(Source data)
----------------------------------------

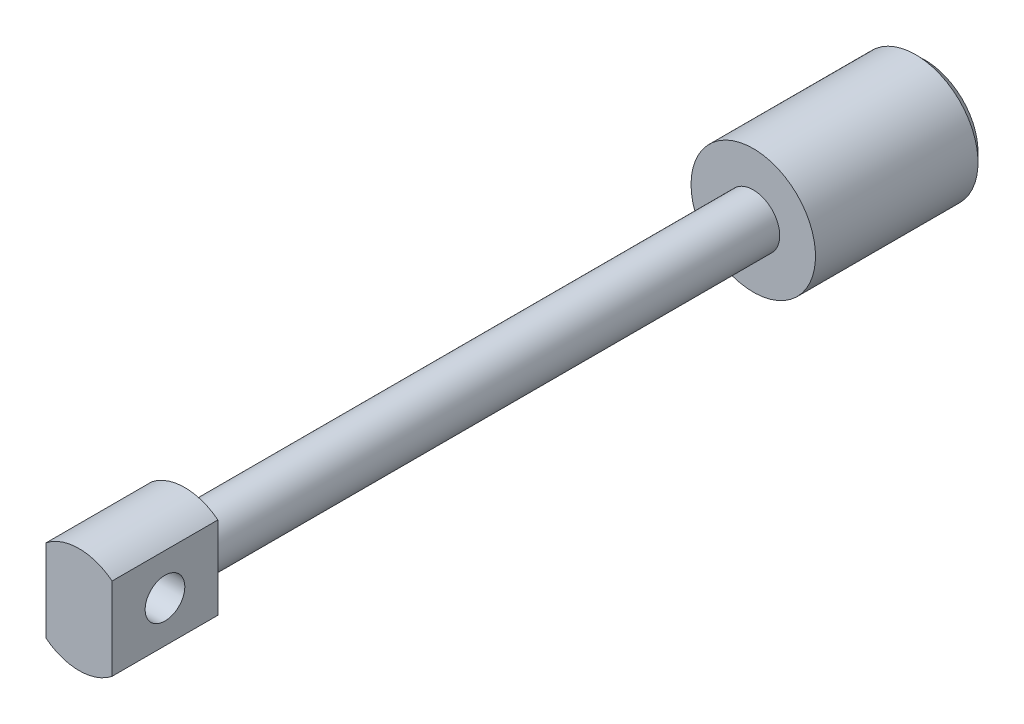
from build123d import *

# Parameters (mm, degrees)
ENL_V_START             = -16
ENL_V_MAT_EXTRU_1_DEPTH = 16
ENL_V_MAT_EXTRU_2_REACH = 131.153
ESQUISSE3_R             = 3


with BuildPart() as part:
    # Esquisse1 → Révolution1 (revolve)
    with BuildSketch(Plane(origin=(0, 0, 0), x_dir=(1, 0, 0), z_dir=(0, 1, 0))):
        Polygon((0, 0), (-8, 0), (-8, 16), (-4, 16), (-4, 102), (-9.414213562, 102), (-9.414213562, 126.585786438), (-8, 128), (0, 128), align=None)
    revolve(axis=Axis((0, 0, -128), (0, 0, 1)))

    # Esquisse2 → Enlèv. mat.-Extru.1 (cut)
    with BuildSketch(Plane.XY.offset(ENL_V_START)):
        Polygon((-5, 10), (-5, -12), (5, -12), (5, 10), (12, 10), (12, -15), (-12, -15), (-12, 10), align=None)
    extrude(amount=ENL_V_MAT_EXTRU_1_DEPTH, mode=Mode.SUBTRACT)

    # Esquisse3 → Enlèv. mat.-Extru.2 (cut, up to next)
    with BuildSketch(Plane.ZY.offset(5), mode=Mode.PRIVATE) as enl_v_mat_extru_2_sk1:
        with Locations(Location((-8, 0, 0), (0, 0, 270))):
            Circle(ESQUISSE3_R)
    enl_v_mat_extru_2_tool1 = extrude(enl_v_mat_extru_2_sk1.sketch, amount=-ENL_V_MAT_EXTRU_2_REACH, mode=Mode.PRIVATE) & part.part
    add(enl_v_mat_extru_2_tool1.solids().sort_by_distance((-5, 0, -8))[0], mode=Mode.SUBTRACT)


solid = part.part
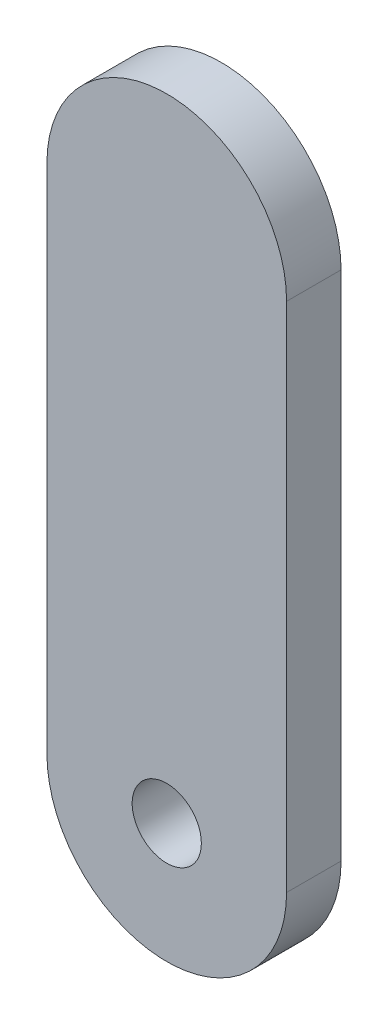
from build123d import *

# Parameters (mm, degrees)
SKETCH1_R           = 3.175
BOSS_EXTRUDE1_DEPTH = 5


with BuildPart() as part:
    # Sketch1 → Boss-Extrude1 (new body)
    with BuildSketch(Plane.XY):
        with BuildLine():
            Line((11, 0), (11, 47))
            ThreePointArc((11, 47), (0, 58), (-11, 47))
            Line((-11, 47), (-11, 0))
            ThreePointArc((-11, 0), (0, -11), (11, 0))
        make_face()
        Circle(SKETCH1_R, mode=Mode.SUBTRACT)
    extrude(amount=BOSS_EXTRUDE1_DEPTH)


solid = part.part
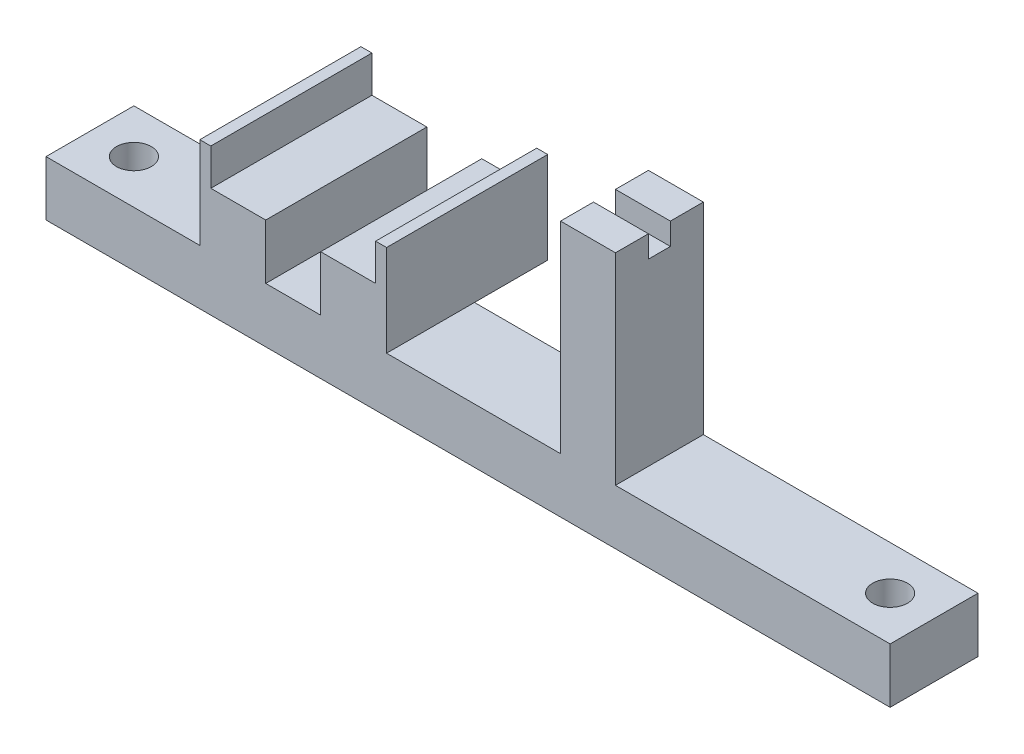
from build123d import *

# Parameters (mm, degrees)
SKETCH1_W           = 230.5
SKETCH1_H           = 24
BOSS_EXTRUDE1_DEPTH = 15
SKETCH2_R           = 4.75
CUT_EXTRUDE1_DEPTH  = 15
SKETCH4_W           = 18
SKETCH4_H           = 44
BOSS_EXTRUDE2_DEPTH = 15
SKETCH5_W           = 15
SKETCH5_H           = 24
BOSS_EXTRUDE3_DEPTH = 49
SKETCH6_W           = 15
SKETCH6_H           = 9
BOSS_EXTRUDE4_DEPTH = 6
SKETCH7_W           = 3
SKETCH7_H           = 44
BOSS_EXTRUDE5_DEPTH = 10


with BuildPart() as part:
    # Sketch1 → Boss-Extrude1 (new body)
    with BuildSketch(Plane(origin=(0, 0, 0), x_dir=(1, 0, 0), z_dir=(0, 1, 0))):
        with Locations((21.518565941, 35.196222791)):
            Rectangle(SKETCH1_W, SKETCH1_H)
    extrude(amount=BOSS_EXTRUDE1_DEPTH)

    # Sketch2 → Cut-Extrude1 (cut)
    with BuildSketch(Plane(origin=(0, 15, 0), x_dir=(1, 0, 0), z_dir=(0, 1, 0))):
        with Locations(Location((-81.731434059, 35.196222791, 0), (0, 0, 270))):
            Circle(SKETCH2_R)
        with Locations(Location((124.768565941, 35.196222791, 0), (0, 0, 270))):
            Circle(SKETCH2_R)
    extrude(amount=-CUT_EXTRUDE1_DEPTH, mode=Mode.SUBTRACT)

    # Sketch4 → Boss-Extrude2 (add)
    with BuildSketch(Plane(origin=(0, 15, 0), x_dir=(1, 0, 0), z_dir=(0, 1, 0))):
        with Locations((-42.731434059, 45.196222791)):
            Rectangle(SKETCH4_W, SKETCH4_H)
        with Locations((-9.731434059, 45.196222791)):
            Rectangle(SKETCH4_W, SKETCH4_H)
    extrude(amount=BOSS_EXTRUDE2_DEPTH)

    # Sketch5 → Boss-Extrude3 (add)
    with BuildSketch(Plane(origin=(0, 15, 0), x_dir=(1, 0, 0), z_dir=(0, 1, 0))):
        with Locations((54.268565941, 35.196222791)):
            Rectangle(SKETCH5_W, SKETCH5_H)
    extrude(amount=BOSS_EXTRUDE3_DEPTH)

    # Sketch6 → Boss-Extrude4 (add)
    with BuildSketch(Plane(origin=(0, 64, 0), x_dir=(1, 0, 0), z_dir=(0, 1, 0))):
        with Locations((54.268565941, 42.696222791)):
            Rectangle(SKETCH6_W, SKETCH6_H)
        with Locations((54.268565941, 27.696222791)):
            Rectangle(SKETCH6_W, SKETCH6_H)
    extrude(amount=BOSS_EXTRUDE4_DEPTH)

    # Sketch7 → Boss-Extrude5 (add)
    with BuildSketch(Plane(origin=(0, 30, 0), x_dir=(1, 0, 0), z_dir=(0, 1, 0))):
        with Locations((-50.231434059, 45.196222791)):
            Rectangle(SKETCH7_W, SKETCH7_H)
        with Locations((-2.231434059, 45.196222791)):
            Rectangle(SKETCH7_W, SKETCH7_H)
    extrude(amount=BOSS_EXTRUDE5_DEPTH)


solid = part.part
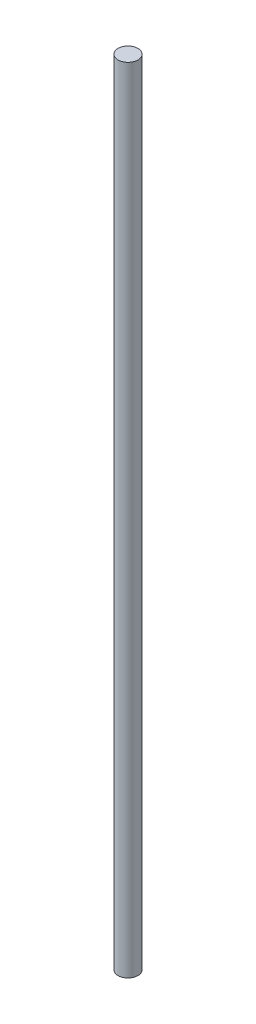
from build123d import *

# Parameters (mm, degrees)
SKETCH1_R           = 1.4
BOSS_EXTRUDE1_DEPTH = 111


with BuildPart() as part:
    # Sketch1 → Boss-Extrude1 (new body)
    with BuildSketch(Plane(origin=(0, 0, 0), x_dir=(1, 0, 0), z_dir=(0, 1, 0))):
        with Locations(Location((0, 0, 0), (0, 0, 270))):
            Circle(SKETCH1_R)
    extrude(amount=BOSS_EXTRUDE1_DEPTH)


solid = part.part

----------------------------------------

### Work to be completed
With the pictures omitted, reproduce the data above exactly.

### Response to the exercise
from build123d import *

# Parameters (mm, degrees)
ENL_V_START             = -16
ENL_V_MAT_EXTRU_1_DEPTH = 16
ENL_V_MAT_EXTRU_2_REACH = 131.153
ESQUISSE3_R             = 3


with BuildPart() as part:
    # Esquisse1 → Révolution1 (revolve)
    with BuildSketch(Plane(origin=(0, 0, 0), x_dir=(1, 0, 0), z_dir=(0, 1, 0))):
        Polygon((0, 0), (-8, 0), (-8, 16), (-4, 16), (-4, 102), (-9.414213562, 102), (-9.414213562, 126.585786438), (-8, 128), (0, 128), align=None)
    revolve(axis=Axis((0, 0, -128), (0, 0, 1)))

    # Esquisse2 → Enlèv. mat.-Extru.1 (cut)
    with BuildSketch(Plane.XY.offset(ENL_V_START)):
        Polygon((-5, 10), (-5, -12), (5, -12), (5, 10), (12, 10), (12, -15), (-12, -15), (-12, 10), align=None)
    extrude(amount=ENL_V_MAT_EXTRU_1_DEPTH, mode=Mode.SUBTRACT)

    # Esquisse3 → Enlèv. mat.-Extru.2 (cut, up to next)
    with BuildSketch(Plane.ZY.offset(5), mode=Mode.PRIVATE) as enl_v_mat_extru_2_sk1:
        with Locations(Location((-8, 0, 0), (0, 0, 270))):
            Circle(ESQUISSE3_R)
    enl_v_mat_extru_2_tool1 = extrude(enl_v_mat_extru_2_sk1.sketch, amount=-ENL_V_MAT_EXTRU_2_REACH, mode=Mode.PRIVATE) & part.part
    add(enl_v_mat_extru_2_tool1.solids().sort_by_distance((-5, 0, -8))[0], mode=Mode.SUBTRACT)


solid = part.part
from build123d import *

# Parameters (mm, degrees)
SKETCH1_R           = 3.175
BOSS_EXTRUDE1_DEPTH = 5


with BuildPart() as part:
    # Sketch1 → Boss-Extrude1 (new body)
    with BuildSketch(Plane.XY):
        with BuildLine():
            Line((11, 0), (11, 47))
            ThreePointArc((11, 47), (0, 58), (-11, 47))
            Line((-11, 47), (-11, 0))
            ThreePointArc((-11, 0), (0, -11), (11, 0))
        make_face()
        Circle(SKETCH1_R, mode=Mode.SUBTRACT)
    extrude(amount=BOSS_EXTRUDE1_DEPTH)


solid = part.part
from build123d import *

# Parameters (mm, degrees)
SKETCH1_W           = 230.5
SKETCH1_H           = 24
BOSS_EXTRUDE1_DEPTH = 15
SKETCH2_R           = 4.75
CUT_EXTRUDE1_DEPTH  = 15
SKETCH4_W           = 18
SKETCH4_H           = 44
BOSS_EXTRUDE2_DEPTH = 15
SKETCH5_W           = 15
SKETCH5_H           = 24
BOSS_EXTRUDE3_DEPTH = 49
SKETCH6_W           = 15
SKETCH6_H           = 9
BOSS_EXTRUDE4_DEPTH = 6
SKETCH7_W           = 3
SKETCH7_H           = 44
BOSS_EXTRUDE5_DEPTH = 10


with BuildPart() as part:
    # Sketch1 → Boss-Extrude1 (new body)
    with BuildSketch(Plane(origin=(0, 0, 0), x_dir=(1, 0, 0), z_dir=(0, 1, 0))):
        with Locations((21.518565941, 35.196222791)):
            Rectangle(SKETCH1_W, SKETCH1_H)
    extrude(amount=BOSS_EXTRUDE1_DEPTH)

    # Sketch2 → Cut-Extrude1 (cut)
    with BuildSketch(Plane(origin=(0, 15, 0), x_dir=(1, 0, 0), z_dir=(0, 1, 0))):
        with Locations(Location((-81.731434059, 35.196222791, 0), (0, 0, 270))):
            Circle(SKETCH2_R)
        with Locations(Location((124.768565941, 35.196222791, 0), (0, 0, 270))):
            Circle(SKETCH2_R)
    extrude(amount=-CUT_EXTRUDE1_DEPTH, mode=Mode.SUBTRACT)

    # Sketch4 → Boss-Extrude2 (add)
    with BuildSketch(Plane(origin=(0, 15, 0), x_dir=(1, 0, 0), z_dir=(0, 1, 0))):
        with Locations((-42.731434059, 45.196222791)):
            Rectangle(SKETCH4_W, SKETCH4_H)
        with Locations((-9.731434059, 45.196222791)):
            Rectangle(SKETCH4_W, SKETCH4_H)
    extrude(amount=BOSS_EXTRUDE2_DEPTH)

    # Sketch5 → Boss-Extrude3 (add)
    with BuildSketch(Plane(origin=(0, 15, 0), x_dir=(1, 0, 0), z_dir=(0, 1, 0))):
        with Locations((54.268565941, 35.196222791)):
            Rectangle(SKETCH5_W, SKETCH5_H)
    extrude(amount=BOSS_EXTRUDE3_DEPTH)

    # Sketch6 → Boss-Extrude4 (add)
    with BuildSketch(Plane(origin=(0, 64, 0), x_dir=(1, 0, 0), z_dir=(0, 1, 0))):
        with Locations((54.268565941, 42.696222791)):
            Rectangle(SKETCH6_W, SKETCH6_H)
        with Locations((54.268565941, 27.696222791)):
            Rectangle(SKETCH6_W, SKETCH6_H)
    extrude(amount=BOSS_EXTRUDE4_DEPTH)

    # Sketch7 → Boss-Extrude5 (add)
    with BuildSketch(Plane(origin=(0, 30, 0), x_dir=(1, 0, 0), z_dir=(0, 1, 0))):
        with Locations((-50.231434059, 45.196222791)):
            Rectangle(SKETCH7_W, SKETCH7_H)
        with Locations((-2.231434059, 45.196222791)):
            Rectangle(SKETCH7_W, SKETCH7_H)
    extrude(amount=BOSS_EXTRUDE5_DEPTH)


solid = part.part
from build123d import *

# Parameters (mm, degrees)
SKETCH1_R           = 1.4
BOSS_EXTRUDE1_DEPTH = 111


with BuildPart() as part:
    # Sketch1 → Boss-Extrude1 (new body)
    with BuildSketch(Plane(origin=(0, 0, 0), x_dir=(1, 0, 0), z_dir=(0, 1, 0))):
        with Locations(Location((0, 0, 0), (0, 0, 270))):
            Circle(SKETCH1_R)
    extrude(amount=BOSS_EXTRUDE1_DEPTH)


solid = part.part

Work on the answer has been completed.